Dataset entries
◆ ◆ ◆
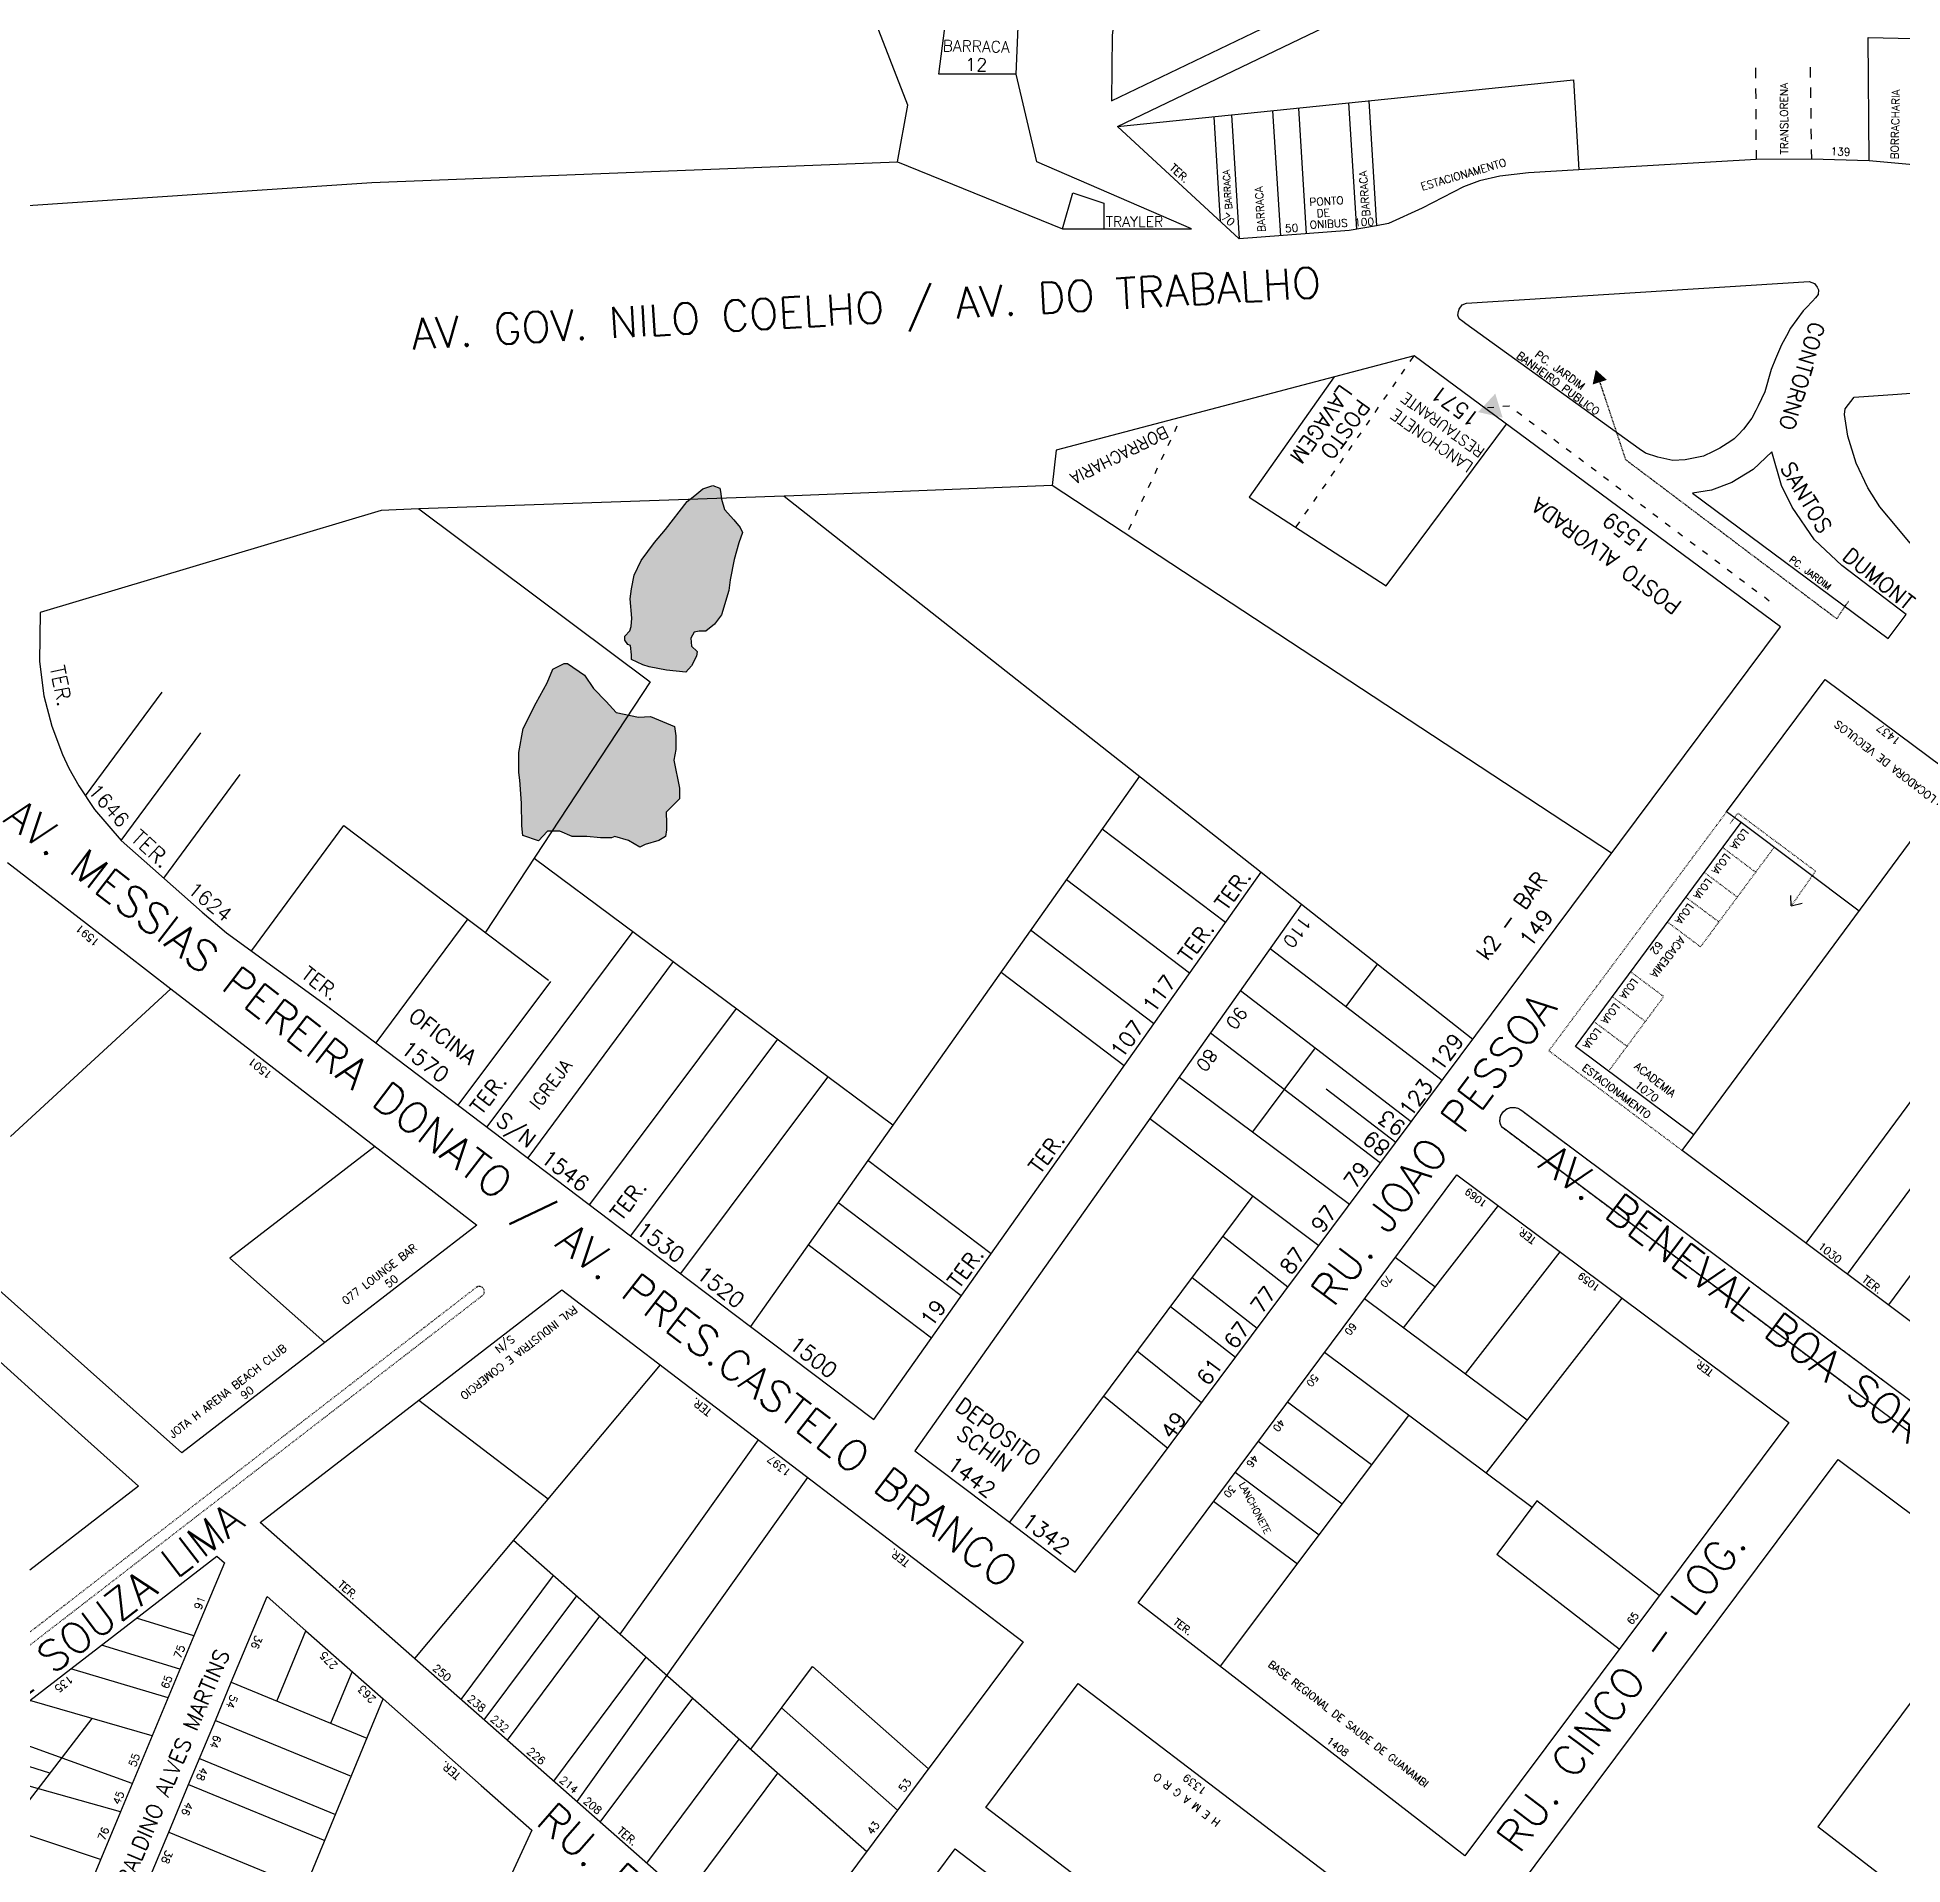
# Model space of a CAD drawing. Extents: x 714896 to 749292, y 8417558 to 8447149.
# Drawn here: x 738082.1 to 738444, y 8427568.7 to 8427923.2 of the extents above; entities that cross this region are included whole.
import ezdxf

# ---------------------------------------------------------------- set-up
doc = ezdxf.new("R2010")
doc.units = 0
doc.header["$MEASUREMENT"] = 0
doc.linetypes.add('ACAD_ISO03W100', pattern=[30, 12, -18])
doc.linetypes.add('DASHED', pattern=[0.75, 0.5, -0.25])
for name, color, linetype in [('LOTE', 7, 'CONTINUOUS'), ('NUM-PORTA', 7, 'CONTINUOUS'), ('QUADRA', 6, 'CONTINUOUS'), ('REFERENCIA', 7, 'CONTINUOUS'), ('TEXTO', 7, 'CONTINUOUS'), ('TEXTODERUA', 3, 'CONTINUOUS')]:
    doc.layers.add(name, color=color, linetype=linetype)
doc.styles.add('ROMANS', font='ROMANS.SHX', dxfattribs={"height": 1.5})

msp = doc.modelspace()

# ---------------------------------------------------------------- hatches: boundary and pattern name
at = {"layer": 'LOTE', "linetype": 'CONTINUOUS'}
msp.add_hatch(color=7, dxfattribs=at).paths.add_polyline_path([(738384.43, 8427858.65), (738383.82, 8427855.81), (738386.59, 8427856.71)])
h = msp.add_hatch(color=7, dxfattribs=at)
◆ ◆ ◆
Assignment - Only the line containing "doc.linetypes.add('ACAD_ISO03W100', pattern=[30, 12, -18])" and the lines after it, through the end of the data, should be copied, exactly as they are.

Output for this task -
doc.linetypes.add('ACAD_ISO03W100', pattern=[30, 12, -18])
doc.linetypes.add('DASHED', pattern=[0.75, 0.5, -0.25])
for name, color, linetype in [('LOTE', 7, 'CONTINUOUS'), ('NUM-PORTA', 7, 'CONTINUOUS'), ('QUADRA', 6, 'CONTINUOUS'), ('REFERENCIA', 7, 'CONTINUOUS'), ('TEXTO', 7, 'CONTINUOUS'), ('TEXTODERUA', 3, 'CONTINUOUS')]:
    doc.layers.add(name, color=color, linetype=linetype)
doc.styles.add('ROMANS', font='ROMANS.SHX', dxfattribs={"height": 1.5})

msp = doc.modelspace()

# ---------------------------------------------------------------- hatches: boundary and pattern name
at = {"layer": 'LOTE', "linetype": 'CONTINUOUS'}
msp.add_hatch(color=7, dxfattribs=at).paths.add_polyline_path([(738384.43, 8427858.65), (738383.82, 8427855.81), (738386.59, 8427856.71)])
h = msp.add_hatch(color=7, dxfattribs=at)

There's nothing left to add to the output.